# Pit Beef by Sir Loin



## LarryWolfe (May 21, 2012)

My neighbor works for US Foods and happened to give me a 7 lb Sirloin Roast and I happened to be extremely happy to accept the more than generous offer with open arms!  After all, Sir Loin and I happen to be very good friends!

Liberally seasoned with worcestershire and *Wolfe Rub Bold*.










Cooked between 350º-400º until the meat hit 125º, then tented with foil for about 30 minutes.  Start to finish cooking time was around 3 hours or A LOT OF BEER.









Sliced very thin across the grain with my Forschner Graton Slicer.





Sandwich on a kaiser roll, with horseradish and white onion.


----------



## swampsauce (May 21, 2012)

Its whats for dinner! Great job Larry!!!!!!!


----------



## Captain Morgan (May 21, 2012)

arrrggghhhhh!  those pics are making me crazy


----------



## Vermin999 (May 21, 2012)

Fantastic looking roast and sammy!!


----------



## bbquzz (May 21, 2012)

All of the above and it was FREE!


----------



## Nick Prochilo (May 21, 2012)

That's perfectly cooked!


----------



## wascolianpride (May 22, 2012)

Outstanding looking cook...Larry I wanna chow down with you haha


----------



## MI Smoke (May 22, 2012)

Nice .   U nailed it.   I buy a couple of those right now


----------



## Cliff H. (May 22, 2012)

Looks like I need to make up a batch of bold.


----------



## bbquzz (May 22, 2012)

Cliff H. said:
			
		

> Looks like I need to make up a batch of bold.

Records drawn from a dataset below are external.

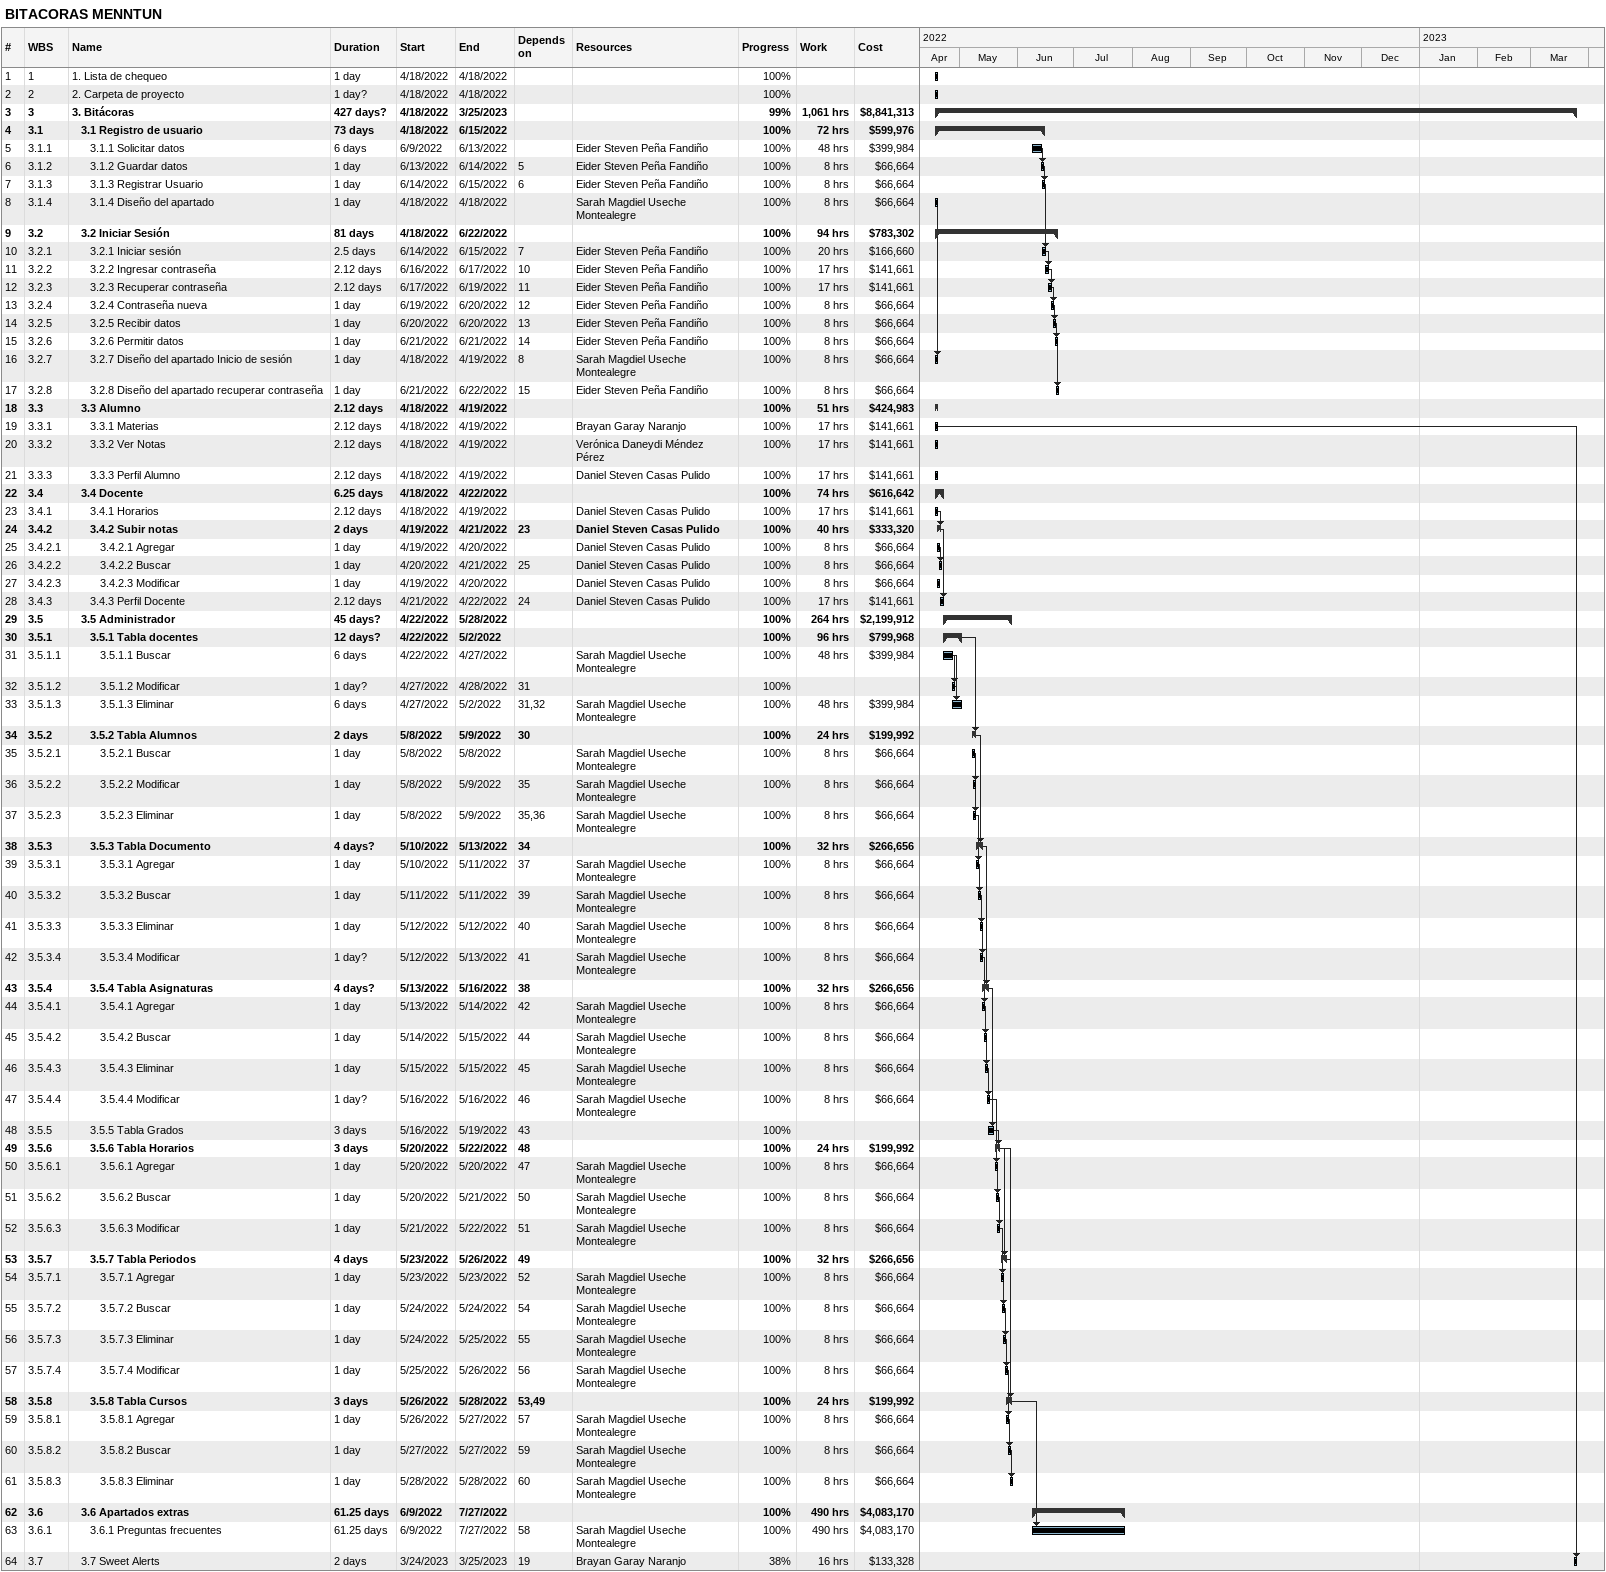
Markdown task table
BITACORAS MENNTUN

| ID | WBS | Task | Duration | Start | Finish | Predecessors | Resources | % complete | Work (h) | Cost ($) |
|---|---|---|---|---|---|---|---|---|---|---|
| 1 | 1 | 1. Lista de chequeo | 1d | 2022-04-18 | 2022-04-18 |  |  | 100 |  |  |
| 2 | 2 | 2. Carpeta de proyecto | 1d? | 2022-04-18 | 2022-04-18 |  |  | 100 |  |  |
| 3 | 3 | **3. Bitácoras** | 427d? | 2022-04-18 | 2023-03-25 |  |  | 99 | 1061 | 8841313 |
| 4 | 3.1 | **3.1 Registro de usuario** | 73d | 2022-04-18 | 2022-06-15 |  |  | 100 | 72 | 599976 |
| 5 | 3.1.1 | 3.1.1 Solicitar datos | 6d | 2022-06-09 | 2022-06-13 |  | Eider Steven Peña Fandiño | 100 | 48 | 399984 |
| 6 | 3.1.2 | 3.1.2 Guardar datos | 1d | 2022-06-13 | 2022-06-14 | 5 | Eider Steven Peña Fandiño | 100 | 8 | 66664 |
| 7 | 3.1.3 | 3.1.3 Registrar Usuario | 1d | 2022-06-14 | 2022-06-15 | 6 | Eider Steven Peña Fandiño | 100 | 8 | 66664 |
| 8 | 3.1.4 | 3.1.4 Diseño del apartado | 1d | 2022-04-18 | 2022-04-18 |  | Sarah Magdiel Useche Montealegre | 100 | 8 | 66664 |
| 9 | 3.2 | **3.2 Iniciar Sesión** | 81d | 2022-04-18 | 2022-06-22 |  |  | 100 | 94 | 783302 |
| 10 | 3.2.1 | 3.2.1 Iniciar sesión | 2.5d | 2022-06-14 | 2022-06-15 | 7 | Eider Steven Peña Fandiño | 100 | 20 | 166660 |
| 11 | 3.2.2 | 3.2.2 Ingresar contraseña | 2.12d | 2022-06-16 | 2022-06-17 | 10 | Eider Steven Peña Fandiño | 100 | 17 | 141661 |
| 12 | 3.2.3 | 3.2.3 Recuperar contraseña | 2.12d | 2022-06-17 | 2022-06-19 | 11 | Eider Steven Peña Fandiño | 100 | 17 | 141661 |
| 13 | 3.2.4 | 3.2.4 Contraseña nueva | 1d | 2022-06-19 | 2022-06-20 | 12 | Eider Steven Peña Fandiño | 100 | 8 | 66664 |
| 14 | 3.2.5 | 3.2.5 Recibir datos | 1d | 2022-06-20 | 2022-06-20 | 13 | Eider Steven Peña Fandiño | 100 | 8 | 66664 |
| 15 | 3.2.6 | 3.2.6 Permitir datos | 1d | 2022-06-21 | 2022-06-21 | 14 | Eider Steven Peña Fandiño | 100 | 8 | 66664 |
| 16 | 3.2.7 | 3.2.7 Diseño del apartado Inicio de sesión | 1d | 2022-04-18 | 2022-04-19 | 8 | Sarah Magdiel Useche Montealegre | 100 | 8 | 66664 |
| 17 | 3.2.8 | 3.2.8 Diseño del apartado recuperar contraseña | 1d | 2022-06-21 | 2022-06-22 | 15 | Eider Steven Peña Fandiño | 100 | 8 | 66664 |
| 18 | 3.3 | **3.3 Alumno** | 2.12d | 2022-04-18 | 2022-04-19 |  |  | 100 | 51 | 424983 |
| 19 | 3.3.1 | 3.3.1 Materias | 2.12d | 2022-04-18 | 2022-04-19 |  | Brayan Garay Naranjo | 100 | 17 | 141661 |
| 20 | 3.3.2 | 3.3.2 Ver Notas | 2.12d | 2022-04-18 | 2022-04-19 |  | Verónica Daneydi Méndez Pérez | 100 | 17 | 141661 |
| 21 | 3.3.3 | 3.3.3 Perfil Alumno | 2.12d | 2022-04-18 | 2022-04-19 |  | Daniel Steven Casas Pulido | 100 | 17 | 141661 |
| 22 | 3.4 | **3.4 Docente** | 6.25d | 2022-04-18 | 2022-04-22 |  |  | 100 | 74 | 616642 |
| 23 | 3.4.1 | 3.4.1 Horarios | 2.12d | 2022-04-18 | 2022-04-19 |  | Daniel Steven Casas Pulido | 100 | 17 | 141661 |
| 24 | 3.4.2 | **3.4.2 Subir notas** | 2d | 2022-04-19 | 2022-04-21 | 23 | Daniel Steven Casas Pulido | 100 | 40 | 333320 |
| 25 | 3.4.2.1 | 3.4.2.1 Agregar | 1d | 2022-04-19 | 2022-04-20 |  | Daniel Steven Casas Pulido | 100 | 8 | 66664 |
| 26 | 3.4.2.2 | 3.4.2.2 Buscar | 1d | 2022-04-20 | 2022-04-21 | 25 | Daniel Steven Casas Pulido | 100 | 8 | 66664 |
| 27 | 3.4.2.3 | 3.4.2.3 Modificar | 1d | 2022-04-19 | 2022-04-20 |  | Daniel Steven Casas Pulido | 100 | 8 | 66664 |
| 28 | 3.4.3 | 3.4.3 Perfil Docente | 2.12d | 2022-04-21 | 2022-04-22 | 24 | Daniel Steven Casas Pulido | 100 | 17 | 141661 |
| 29 | 3.5 | **3.5 Administrador** | 45d? | 2022-04-22 | 2022-05-28 |  |  | 100 | 264 | 2199912 |
| 30 | 3.5.1 | **3.5.1 Tabla docentes** | 12d? | 2022-04-22 | 2022-05-02 |  |  | 100 | 96 | 799968 |
| 31 | 3.5.1.1 | 3.5.1.1 Buscar | 6d | 2022-04-22 | 2022-04-27 |  | Sarah Magdiel Useche Montealegre | 100 | 48 | 399984 |
| 32 | 3.5.1.2 | 3.5.1.2 Modificar | 1d? | 2022-04-27 | 2022-04-28 | 31 |  | 100 |  |  |
| 33 | 3.5.1.3 | 3.5.1.3 Eliminar | 6d | 2022-04-27 | 2022-05-02 | 31, 32 | Sarah Magdiel Useche Montealegre | 100 | 48 | 399984 |
| 34 | 3.5.2 | **3.5.2 Tabla Alumnos** | 2d | 2022-05-08 | 2022-05-09 | 30 |  | 100 | 24 | 199992 |
| 35 | 3.5.2.1 | 3.5.2.1 Buscar | 1d | 2022-05-08 | 2022-05-08 |  | Sarah Magdiel Useche Montealegre | 100 | 8 | 66664 |
| 36 | 3.5.2.2 | 3.5.2.2 Modificar | 1d | 2022-05-08 | 2022-05-09 | 35 | Sarah Magdiel Useche Montealegre | 100 | 8 | 66664 |
| 37 | 3.5.2.3 | 3.5.2.3 Eliminar | 1d | 2022-05-08 | 2022-05-09 | 35, 36 | Sarah Magdiel Useche Montealegre | 100 | 8 | 66664 |
| 38 | 3.5.3 | **3.5.3 Tabla Documento** | 4d? | 2022-05-10 | 2022-05-13 | 34 |  | 100 | 32 | 266656 |
| 39 | 3.5.3.1 | 3.5.3.1 Agregar | 1d | 2022-05-10 | 2022-05-11 | 37 | Sarah Magdiel Useche Montealegre | 100 | 8 | 66664 |
| 40 | 3.5.3.2 | 3.5.3.2 Buscar | 1d | 2022-05-11 | 2022-05-11 | 39 | Sarah Magdiel Useche Montealegre | 100 | 8 | 66664 |
| 41 | 3.5.3.3 | 3.5.3.3 Eliminar | 1d | 2022-05-12 | 2022-05-12 | 40 | Sarah Magdiel Useche Montealegre | 100 | 8 | 66664 |
| 42 | 3.5.3.4 | 3.5.3.4 Modificar | 1d? | 2022-05-12 | 2022-05-13 | 41 | Sarah Magdiel Useche Montealegre | 100 | 8 | 66664 |
| 43 | 3.5.4 | **3.5.4 Tabla Asignaturas** | 4d? | 2022-05-13 | 2022-05-16 | 38 |  | 100 | 32 | 266656 |
| 44 | 3.5.4.1 | 3.5.4.1 Agregar | 1d | 2022-05-13 | 2022-05-14 | 42 | Sarah Magdiel Useche Montealegre | 100 | 8 | 66664 |
| 45 | 3.5.4.2 | 3.5.4.2 Buscar | 1d | 2022-05-14 | 2022-05-15 | 44 | Sarah Magdiel Useche Montealegre | 100 | 8 | 66664 |
| 46 | 3.5.4.3 | 3.5.4.3 Eliminar | 1d | 2022-05-15 | 2022-05-15 | 45 | Sarah Magdiel Useche Montealegre | 100 | 8 | 66664 |
| 47 | 3.5.4.4 | 3.5.4.4 Modificar | 1d? | 2022-05-16 | 2022-05-16 | 46 | Sarah Magdiel Useche Montealegre | 100 | 8 | 66664 |
| 48 | 3.5.5 | 3.5.5 Tabla Grados | 3d | 2022-05-16 | 2022-05-19 | 43 |  | 100 |  |  |
| 49 | 3.5.6 | **3.5.6 Tabla Horarios** | 3d | 2022-05-20 | 2022-05-22 | 48 |  | 100 | 24 | 199992 |
| 50 | 3.5.6.1 | 3.5.6.1 Agregar | 1d | 2022-05-20 | 2022-05-20 | 47 | Sarah Magdiel Useche Montealegre | 100 | 8 | 66664 |
| 51 | 3.5.6.2 | 3.5.6.2 Buscar | 1d | 2022-05-20 | 2022-05-21 | 50 | Sarah Magdiel Useche Montealegre | 100 | 8 | 66664 |
| 52 | 3.5.6.3 | 3.5.6.3 Modificar | 1d | 2022-05-21 | 2022-05-22 | 51 | Sarah Magdiel Useche Montealegre | 100 | 8 | 66664 |
| 53 | 3.5.7 | **3.5.7 Tabla Periodos** | 4d | 2022-05-23 | 2022-05-26 | 49 |  | 100 | 32 | 266656 |
| 54 | 3.5.7.1 | 3.5.7.1 Agregar | 1d | 2022-05-23 | 2022-05-23 | 52 | Sarah Magdiel Useche Montealegre | 100 | 8 | 66664 |
| 55 | 3.5.7.2 | 3.5.7.2 Buscar | 1d | 2022-05-24 | 2022-05-24 | 54 | Sarah Magdiel Useche Montealegre | 100 | 8 | 66664 |
| 56 | 3.5.7.3 | 3.5.7.3 Eliminar | 1d | 2022-05-24 | 2022-05-25 | 55 | Sarah Magdiel Useche Montealegre | 100 | 8 | 66664 |
| 57 | 3.5.7.4 | 3.5.7.4 Modificar | 1d | 2022-05-25 | 2022-05-26 | 56 | Sarah Magdiel Useche Montealegre | 100 | 8 | 66664 |
| 58 | 3.5.8 | **3.5.8 Tabla Cursos** | 3d | 2022-05-26 | 2022-05-28 | 53, 49 |  | 100 | 24 | 199992 |
| 59 | 3.5.8.1 | 3.5.8.1 Agregar | 1d | 2022-05-26 | 2022-05-27 | 57 | Sarah Magdiel Useche Montealegre | 100 | 8 | 66664 |
| 60 | 3.5.8.2 | 3.5.8.2 Buscar | 1d | 2022-05-27 | 2022-05-27 | 59 | Sarah Magdiel Useche Montealegre | 100 | 8 | 66664 |
| 61 | 3.5.8.3 | 3.5.8.3 Eliminar | 1d | 2022-05-28 | 2022-05-28 | 60 | Sarah Magdiel Useche Montealegre | 100 | 8 | 66664 |
| 62 | 3.6 | **3.6 Apartados extras** | 61.25d | 2022-06-09 | 2022-07-27 |  |  | 100 | 490 | 4083170 |
| 63 | 3.6.1 | 3.6.1 Preguntas frecuentes | 61.25d | 2022-06-09 | 2022-07-27 | 58 | Sarah Magdiel Useche Montealegre | 100 | 490 | 4083170 |
| 64 | 3.7 | 3.7 Sweet Alerts | 2d | 2023-03-24 | 2023-03-25 | 19 | Brayan Garay Naranjo | 38 | 16 | 133328 |

I was thinking the exact same thing Cliff!


----------



## Bob In Fla. (May 23, 2012)

I can just think of one thing that would make that better.

If it was on MY plate instead of yours.LOL

BOB


----------



## bknox (May 23, 2012)

Sir Loin INDEED! Looks great!


----------



## JIMMYJAM (May 24, 2012)

I think that sandwich should be Knighted it looks so good!


----------



## Texas 1836 (May 25, 2012)

I will take about 30 of those sandwiches to go please!  Outstanding!


----------



## Griff (May 27, 2012)

That's some serious beefage.


----------